# Life Jackets!!



## mommyto3GSD (Jun 18, 2016)

So, we're planning on taking the pups out on the water in a couple of weeks so we got them lifejackets... you know, safety first! Well, Athena looks like we just told her she has to wear it for the rest of her life... I think she's planning our demise! Hahahaha!!!


----------



## Daisy&Lucky's Mom (Apr 24, 2011)

Athena shows her feelings. That look says it all. Your other GSD is like OK this is good. They look ready to go.
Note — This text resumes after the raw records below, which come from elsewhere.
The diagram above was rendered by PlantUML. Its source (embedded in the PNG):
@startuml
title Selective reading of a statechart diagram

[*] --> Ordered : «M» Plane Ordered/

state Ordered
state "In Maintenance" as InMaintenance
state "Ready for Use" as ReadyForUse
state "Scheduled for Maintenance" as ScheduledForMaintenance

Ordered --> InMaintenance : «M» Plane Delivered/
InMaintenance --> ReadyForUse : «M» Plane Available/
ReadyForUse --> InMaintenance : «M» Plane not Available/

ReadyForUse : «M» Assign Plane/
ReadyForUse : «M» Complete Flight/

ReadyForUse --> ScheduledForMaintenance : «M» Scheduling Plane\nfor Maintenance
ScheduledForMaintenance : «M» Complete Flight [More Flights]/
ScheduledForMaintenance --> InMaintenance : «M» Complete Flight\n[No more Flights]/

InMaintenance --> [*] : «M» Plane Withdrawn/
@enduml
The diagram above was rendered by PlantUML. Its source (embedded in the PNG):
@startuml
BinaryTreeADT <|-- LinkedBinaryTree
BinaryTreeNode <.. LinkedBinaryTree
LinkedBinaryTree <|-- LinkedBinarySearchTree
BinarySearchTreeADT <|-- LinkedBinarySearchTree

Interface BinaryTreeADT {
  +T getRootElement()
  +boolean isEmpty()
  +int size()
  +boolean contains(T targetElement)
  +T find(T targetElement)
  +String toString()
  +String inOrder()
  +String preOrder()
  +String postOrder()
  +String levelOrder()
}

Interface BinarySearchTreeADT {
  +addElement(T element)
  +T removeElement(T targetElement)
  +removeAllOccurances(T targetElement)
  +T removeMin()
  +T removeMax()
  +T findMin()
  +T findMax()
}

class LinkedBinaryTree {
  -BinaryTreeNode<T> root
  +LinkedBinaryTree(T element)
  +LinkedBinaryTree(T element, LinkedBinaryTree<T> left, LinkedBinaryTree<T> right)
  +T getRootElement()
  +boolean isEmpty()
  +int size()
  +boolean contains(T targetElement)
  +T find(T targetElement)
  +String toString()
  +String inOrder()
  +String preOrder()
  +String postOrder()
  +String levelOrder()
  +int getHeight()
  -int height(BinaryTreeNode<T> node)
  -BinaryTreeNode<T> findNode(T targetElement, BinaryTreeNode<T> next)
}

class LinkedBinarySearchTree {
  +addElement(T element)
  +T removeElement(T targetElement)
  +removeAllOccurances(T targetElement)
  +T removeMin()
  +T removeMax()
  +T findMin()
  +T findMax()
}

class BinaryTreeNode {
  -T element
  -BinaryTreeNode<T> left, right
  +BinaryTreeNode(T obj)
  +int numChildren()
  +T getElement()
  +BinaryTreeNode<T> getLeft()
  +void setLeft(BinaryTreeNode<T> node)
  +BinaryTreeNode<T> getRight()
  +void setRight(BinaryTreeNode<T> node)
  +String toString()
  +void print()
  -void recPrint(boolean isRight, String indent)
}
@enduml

Did she start smiling when you took it off or is still planning?


----------



## Magwart (Jul 8, 2012)

Once they start associating the life jackets with swimming and outdoor fun, they'll probably go bonkers when they see them.


----------



## mommyto3GSD (Jun 18, 2016)

As soon as I took it off she was happy again! Zeus couldn't care less what he's wearing as long as I'm happy with him


----------



## Jenny720 (Nov 21, 2014)

No fun wearing life jackets in the house lol! Yes I agree she will forget all about the life jacket wants her nose gets a hint of the smell of salt water'!


----------



## Aly (May 26, 2011)

It's not pink enough...


----------



## maxtmill (Dec 28, 2010)

Oh my goodness -that face is hilarious!


----------